Unconditional Image Generation

We compare the unconditional image generation ability of our model against existing baselines. Results are shown in Table 2. Our findings indicate that DiffuSSM achieves comparable FID scores obtained by LDM (with $-0.08$ and $0.07$ gap) with a comparable training budget. This result highlights the applicability of DiffuSSM across different benchmarks and different tasks. Similar to LDM, our approach doesn’t outperform ADM for LSUN-Bedrooms as we are only using $~{}25\%$ of the total training budget as ADM. For this task, the best GAN models outperform diffusion as a model class.

Analysis

Additional images generated by DiffuSSM are included from Figure 7 to Figure 14.

Model Scaling

We trained three different DiffuSSM sizes to calibrate the performance yielded by scaling up the model. We calculate the FID-50k for their checkpoints of the first 400k steps.

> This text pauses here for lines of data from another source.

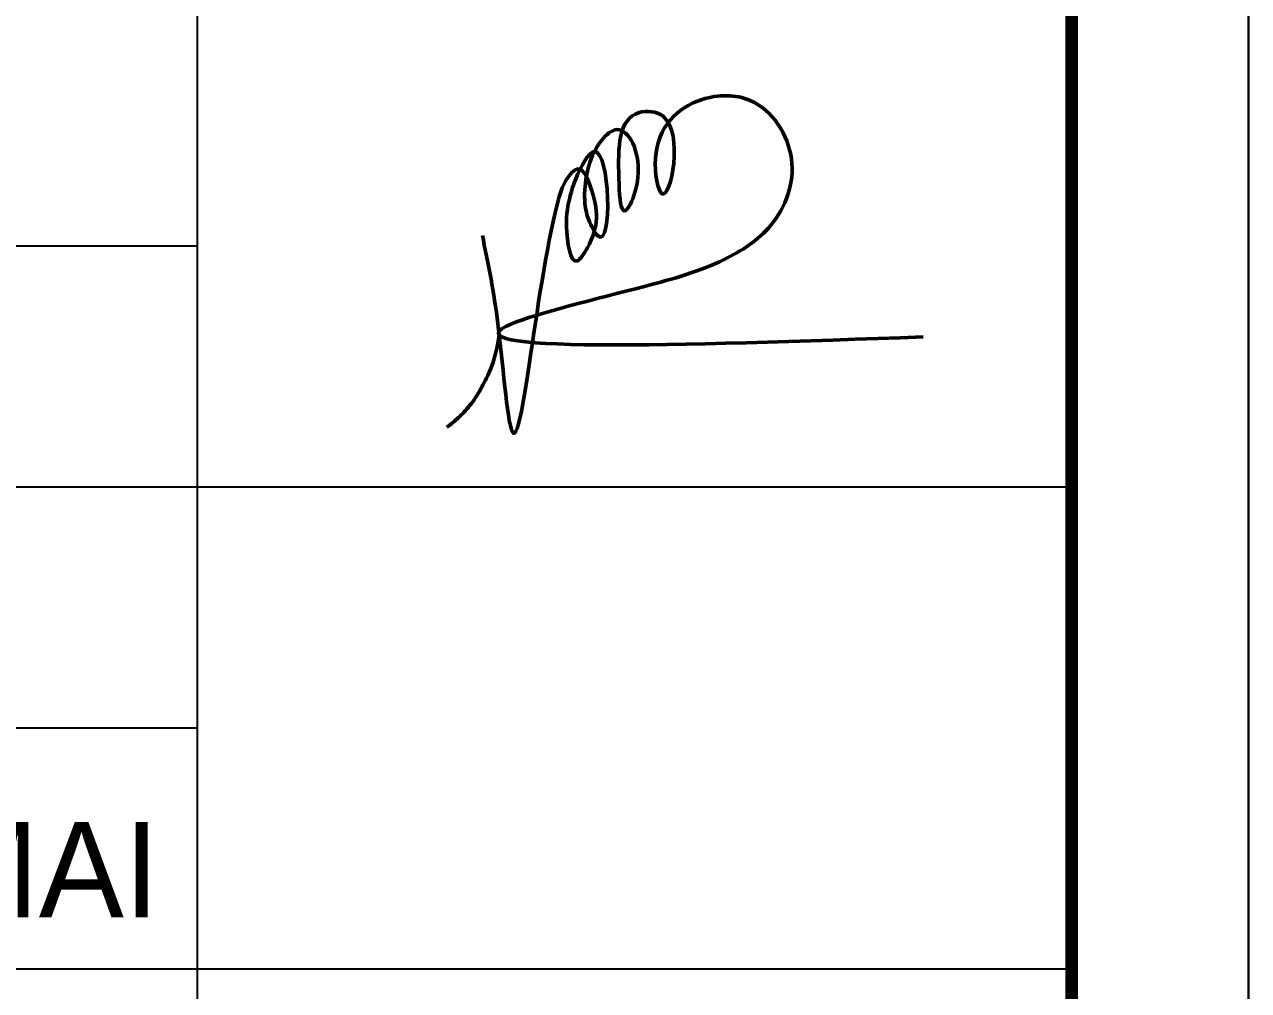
# Model space of a CAD drawing. Extents: x -2098986 to 943, y -1296280 to 73591.
# Drawn here: x -1805783 to -1803244, y -1279805 to -1277801 of the extents above; entities that cross this region are included whole.
import ezdxf
from ezdxf.enums import TextEntityAlignment as Align

# ---------------------------------------------------------------- set-up
doc = ezdxf.new("R2010")
doc.units = 0
doc.header["$LTSCALE"] = 150
for name, color, linetype, lineweight in [('05.Text', 253, 'Continuous', 18), ('11.Khung bo', 32, 'Continuous', 50), ('12.Khung', 36, 'Continuous', 25), ('A-CAT', 1, 'Continuous', 35)]:
    doc.layers.add(name, color=color, linetype=linetype, lineweight=lineweight)
doc.layers.add('Tpl_Bound', color=1, linetype='Continuous', plot=False)
doc.styles.add('VnAvantH', font='')
doc.styles.get('VnAvantH').set_extended_font_data('.VnAvantH')

# ---------------------------------------------------------------- blocks, each defined once
blk = doc.blocks.new('100')
at = {"layer": '11.Khung bo', "const_width": 26.7}
blk.add_lwpolyline([(1896212.6, -936839.9), (1901212.6, -936839.9), (1901212.6, -929840), (1896212.6, -929840)], close=True, dxfattribs=at)
blk.add_lwpolyline([(1896212.6, -936839.9), (1901212.6, -936839.9), (1901212.6, -929840), (1896212.6, -929840)], close=True, dxfattribs=at)
blk.add_lwpolyline([(1896212.6, -936839.9), (1901212.6, -936839.9), (1901212.6, -929840), (1896212.6, -929840)], close=True, dxfattribs=at)
at = {"layer": '12.Khung'}
for p, q in [((1899398.9, -929840), (1899398.9, -936839.9)), ((1899398.9, -929840), (1899398.9, -936839.9)), ((1899398.9, -929840), (1899398.9, -936839.9)), ((1896212.6, -932339.9), (1899398.9, -932339.9)), ((1896212.6, -932339.9), (1899398.9, -932339.9)), ((1896212.6, -932339.9), (1899398.9, -932339.9)), ((1896212.6, -932839.9), (1901212.6, -932839.9)), ((1896212.6, -932839.9), (1901212.6, -932839.9)), ((1896212.6, -932839.9), (1901212.6, -932839.9)), ((1896212.6, -933339.9), (1899398.9, -933339.9)), ((1896212.6, -933339.9), (1899398.9, -933339.9)), ((1896212.6, -933339.9), (1899398.9, -933339.9)), ((1896212.6, -933839.9), (1901212.6, -933839.9)), ((1896212.6, -933839.9), (1901212.6, -933839.9)), ((1896212.6, -933839.9), (1901212.6, -933839.9))]:
    blk.add_line(p, q, dxfattribs=at)
blk.add_lwpolyline([(1901579.2, -945939.8), (1901579.2, -916240.1), (1859579.6, -916240.1), (1859579.6, -945939.8)], close=True, dxfattribs=at)
blk.add_lwpolyline([(1901579.2, -945939.8), (1901579.2, -916240.1), (1859579.6, -916240.1), (1859579.6, -945939.8)], close=True, dxfattribs=at)
blk.add_lwpolyline([(1901579.2, -945939.8), (1901579.2, -916240.1), (1859579.6, -916240.1), (1859579.6, -945939.8)], close=True, dxfattribs=at)
at = {"layer": 'A-CAT', "lineweight": 50}
for points, knots in [([(1899990.4, -932318.7), (1900001.3, -932370.6), (1900027.1, -932493.2), (1900058.9, -932950.5), (1900105.9, -932365.1), (1900161.9, -932200.5), (1900195.8, -932169.4), (1900232.3, -932256.5), (1900232.2, -932308.1), (1900175.8, -932397), (1900160.2, -932293.5), (1900169.9, -932244.4), (1900185, -932193.1), (1900253, -932065.5), (1900261.6, -932381.6), (1900206.7, -932282.7), (1900200, -932238.2), (1900207.2, -932178.4), (1900225.9, -932131.1), (1900280.9, -932075.3), (1900335.7, -932175.9), (1900277.8, -932306.7), (1900271.4, -932162.3), (1900272.3, -932055.9), (1900417.4, -932063.8), (1900368.6, -932306.3), (1900333.4, -932112.2), (1900422.1, -932026.7), (1900569.5, -932024.2), (1900656.6, -932157.5), (1900604.8, -932301.8), (1900476.2, -932383.4), (1900301.9, -932431.9), (1899731.2, -932570.1), (1900402, -932546.5), (1900904.2, -932528.8)], [0, 0, 0, 0, 173.654326, 410.0594, 905.733214, 957.272638, 976.225231, 1020.995432, 1148.421064, 1183.420104, 1257.964789, 1321.970555, 1360.953316, 1427.990788, 1604.025885, 1637.812916, 1692.216908, 1749.224367, 1811.06646, 1850.728012, 1945.728446, 2036.744009, 2104.815891, 2246.998822, 2297.099344, 2457.709886, 2532.510233, 2688.249109, 2788.006771, 2936.314904, 3080.376331, 3200.655915, 3374.559027, 3660.96933, 4514.509209, 4514.509209, 4514.509209, 4514.509209]), ([(1899916.6, -932716.4), (1899924.8, -932710.1), (1899942, -932696.6), (1899961.5, -932675.3), (1899978.6, -932652.4), (1899993.7, -932624.7), (1900014.9, -932583), (1900021.5, -932547.1), (1900025.5, -932525.5)], [0, 0, 0, 0, 30.902673, 65.501045, 86.127803, 116.680761, 160.088121, 225.514279, 225.514279, 225.514279, 225.514279])]:
    blk.add_open_spline(points, degree=3, knots=knots, dxfattribs=at)
at = {"layer": '05.Text', "style": 'VnAvantH'}
blk.add_text('KTS.nguyÔn tuyÕt mai', height=197.998, dxfattribs=at).set_placement((1899320.6, -933733.2), align=Align.RIGHT)

msp = doc.modelspace()

# ---------------------------------------------------------------- linework, layer by layer
at = {"layer": 'Tpl_Bound', "color": 1}
msp.add_lwpolyline([(-1845244.4, -1291860), (-1845244.4, -1262160), (-1803244.4, -1262160), (-1803244.4, -1291860)], close=True, dxfattribs=at)

# ---------------------------------------------------------------- block references
at = {"layer": '05.Text', "xscale": 1.000009185772931, "yscale": 1.000009185772931, "zscale": 1.000009185772931}
msp.add_blockref('100', (-3704841.1, -345911.5), dxfattribs=at)

doc.saveas('drawing.dxf')

Results are shown in Figure 6 (Left). We find that similar to DiT models, large models use FLOPs more efficient and scaling the DiffuSSM will improve the FID at all stages of training.

Impact of Hourglass

We trained our model with different sampling settings to assess the impact of compression in latent space: using a downsampling ratio $M=2$ (our regular model), and another with $P=2$ applying a patch size equal to 2, similar to what DiT has done. We calculated their FID-50k for the first 400k steps and plotted it on a log scale. Results are shown in Figure 6 (Right). We find that our model yields a better FID score compared to when patching is applied, and the gap between the two also widens as the number of training steps increases. This suggests that the compression of information might hurt the model’s ability of generating high-quality images.

Qualitative Analysis

The objective of DiffuSSM is to avoid compressing hidden representations. To test whether this is beneficial we compare three variants of DiffuSSM with different downscale ratio $M$ and patch size $P$ . We train all three model variants for 400K steps with the same batch size and other hyperparameters. When generating images, we use identical initial noise and noise schedules across class labels. Results are presented in Figure 5. Notably, eliminating patching enhances robustness in spatial reconstruction at the same training stages. This results in improved visual quality, comparable to uncompressed models, but with reduced computation.

Conclusion

We introduce DiffuSSM, an architecture for diffusion models that does not require the use of Attention. This approach can handle long-ranged hidden states without requiring representation compression. Results show that this architecture can achieve better performance than DiT models utilizing less Gflops at 256x256 and competitive results at higher-resolution even with less training. The work has a few remaining limitations. First, it focuses on (un)conditional image generation as opposed to full text-to-image approaches. Additionally, there are some recent approaches such as masked image training that may improve the model. Still this model provides an alternative approach for learning effective diffusion models at large scale. We believe removing the attention bottleneck should open up the possibility of applications in other areas that requires long-range diffusion, for example high-fidelity audio, video, or 3D modeling.